- Records from a data source
........

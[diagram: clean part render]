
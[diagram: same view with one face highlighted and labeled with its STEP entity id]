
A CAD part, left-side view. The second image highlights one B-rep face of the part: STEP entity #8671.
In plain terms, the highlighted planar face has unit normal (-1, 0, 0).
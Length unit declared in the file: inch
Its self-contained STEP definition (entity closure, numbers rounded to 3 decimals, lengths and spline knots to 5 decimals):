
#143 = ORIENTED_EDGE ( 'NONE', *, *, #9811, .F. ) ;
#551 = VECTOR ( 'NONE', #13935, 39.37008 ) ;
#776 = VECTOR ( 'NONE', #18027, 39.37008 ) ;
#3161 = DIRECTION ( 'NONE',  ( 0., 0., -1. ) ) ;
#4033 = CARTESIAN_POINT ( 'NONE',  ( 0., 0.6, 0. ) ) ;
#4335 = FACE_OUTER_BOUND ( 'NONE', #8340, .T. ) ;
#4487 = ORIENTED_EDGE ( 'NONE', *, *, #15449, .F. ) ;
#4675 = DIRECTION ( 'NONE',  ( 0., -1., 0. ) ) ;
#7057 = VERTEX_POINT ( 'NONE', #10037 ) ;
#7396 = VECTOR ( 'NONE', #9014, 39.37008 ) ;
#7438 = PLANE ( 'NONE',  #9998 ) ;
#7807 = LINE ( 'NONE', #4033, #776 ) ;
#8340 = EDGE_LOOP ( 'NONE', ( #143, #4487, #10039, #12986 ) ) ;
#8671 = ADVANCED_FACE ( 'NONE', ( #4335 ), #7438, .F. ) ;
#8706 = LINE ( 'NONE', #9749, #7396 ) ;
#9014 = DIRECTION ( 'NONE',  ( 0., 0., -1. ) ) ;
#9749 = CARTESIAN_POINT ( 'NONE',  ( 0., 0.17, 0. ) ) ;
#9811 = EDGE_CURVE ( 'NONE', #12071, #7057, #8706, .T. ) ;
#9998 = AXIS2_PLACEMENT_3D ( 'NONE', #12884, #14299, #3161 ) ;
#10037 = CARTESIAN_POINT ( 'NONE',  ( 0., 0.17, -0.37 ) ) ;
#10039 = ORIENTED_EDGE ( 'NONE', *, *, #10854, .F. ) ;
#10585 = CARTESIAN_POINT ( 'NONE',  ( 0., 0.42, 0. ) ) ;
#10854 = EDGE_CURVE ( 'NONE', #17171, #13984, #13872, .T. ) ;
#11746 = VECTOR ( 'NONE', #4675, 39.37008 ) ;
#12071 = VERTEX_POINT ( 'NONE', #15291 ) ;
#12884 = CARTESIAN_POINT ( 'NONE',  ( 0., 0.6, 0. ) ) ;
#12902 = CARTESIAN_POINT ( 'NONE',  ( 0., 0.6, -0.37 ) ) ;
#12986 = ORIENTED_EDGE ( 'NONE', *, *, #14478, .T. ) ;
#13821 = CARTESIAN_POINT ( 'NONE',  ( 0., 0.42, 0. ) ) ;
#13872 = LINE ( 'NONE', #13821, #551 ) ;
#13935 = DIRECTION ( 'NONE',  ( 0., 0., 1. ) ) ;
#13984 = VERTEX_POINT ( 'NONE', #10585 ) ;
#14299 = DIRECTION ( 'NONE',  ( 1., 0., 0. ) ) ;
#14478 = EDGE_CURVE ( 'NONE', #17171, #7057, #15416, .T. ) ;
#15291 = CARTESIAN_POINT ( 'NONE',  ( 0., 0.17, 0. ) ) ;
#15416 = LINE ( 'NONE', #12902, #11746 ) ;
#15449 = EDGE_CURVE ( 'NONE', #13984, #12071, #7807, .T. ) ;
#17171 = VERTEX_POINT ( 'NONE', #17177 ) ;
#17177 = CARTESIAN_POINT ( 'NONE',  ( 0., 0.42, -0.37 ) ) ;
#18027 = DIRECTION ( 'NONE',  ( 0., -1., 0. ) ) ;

........

- Assignment
Beginning with the top line of the data above, output every line exactly until the one that contains "#12902 = CARTESIAN_POINT", and include that one too.

- Response area
[diagram: clean part render]
[diagram: same view with one face highlighted and labeled with its STEP entity id]
A CAD part, left-side view. The second image highlights one B-rep face of the part: STEP entity #8671.
In plain terms, the highlighted planar face has unit normal (-1, 0, 0).
Length unit declared in the file: inch
Its self-contained STEP definition (entity closure, numbers rounded to 3 decimals, lengths and spline knots to 5 decimals):
#143 = ORIENTED_EDGE ( 'NONE', *, *, #9811, .F. ) ;
#551 = VECTOR ( 'NONE', #13935, 39.37008 ) ;
#776 = VECTOR ( 'NONE', #18027, 39.37008 ) ;
#3161 = DIRECTION ( 'NONE',  ( 0., 0., -1. ) ) ;
#4033 = CARTESIAN_POINT ( 'NONE',  ( 0., 0.6, 0. ) ) ;
#4335 = FACE_OUTER_BOUND ( 'NONE', #8340, .T. ) ;
#4487 = ORIENTED_EDGE ( 'NONE', *, *, #15449, .F. ) ;
#4675 = DIRECTION ( 'NONE',  ( 0., -1., 0. ) ) ;
#7057 = VERTEX_POINT ( 'NONE', #10037 ) ;
#7396 = VECTOR ( 'NONE', #9014, 39.37008 ) ;
#7438 = PLANE ( 'NONE',  #9998 ) ;
#7807 = LINE ( 'NONE', #4033, #776 ) ;
#8340 = EDGE_LOOP ( 'NONE', ( #143, #4487, #10039, #12986 ) ) ;
#8671 = ADVANCED_FACE ( 'NONE', ( #4335 ), #7438, .F. ) ;
#8706 = LINE ( 'NONE', #9749, #7396 ) ;
#9014 = DIRECTION ( 'NONE',  ( 0., 0., -1. ) ) ;
#9749 = CARTESIAN_POINT ( 'NONE',  ( 0., 0.17, 0. ) ) ;
#9811 = EDGE_CURVE ( 'NONE', #12071, #7057, #8706, .T. ) ;
#9998 = AXIS2_PLACEMENT_3D ( 'NONE', #12884, #14299, #3161 ) ;
#10037 = CARTESIAN_POINT ( 'NONE',  ( 0., 0.17, -0.37 ) ) ;
#10039 = ORIENTED_EDGE ( 'NONE', *, *, #10854, .F. ) ;
#10585 = CARTESIAN_POINT ( 'NONE',  ( 0., 0.42, 0. ) ) ;
#10854 = EDGE_CURVE ( 'NONE', #17171, #13984, #13872, .T. ) ;
#11746 = VECTOR ( 'NONE', #4675, 39.37008 ) ;
#12071 = VERTEX_POINT ( 'NONE', #15291 ) ;
#12884 = CARTESIAN_POINT ( 'NONE',  ( 0., 0.6, 0. ) ) ;
#12902 = CARTESIAN_POINT ( 'NONE',  ( 0., 0.6, -0.37 ) ) ;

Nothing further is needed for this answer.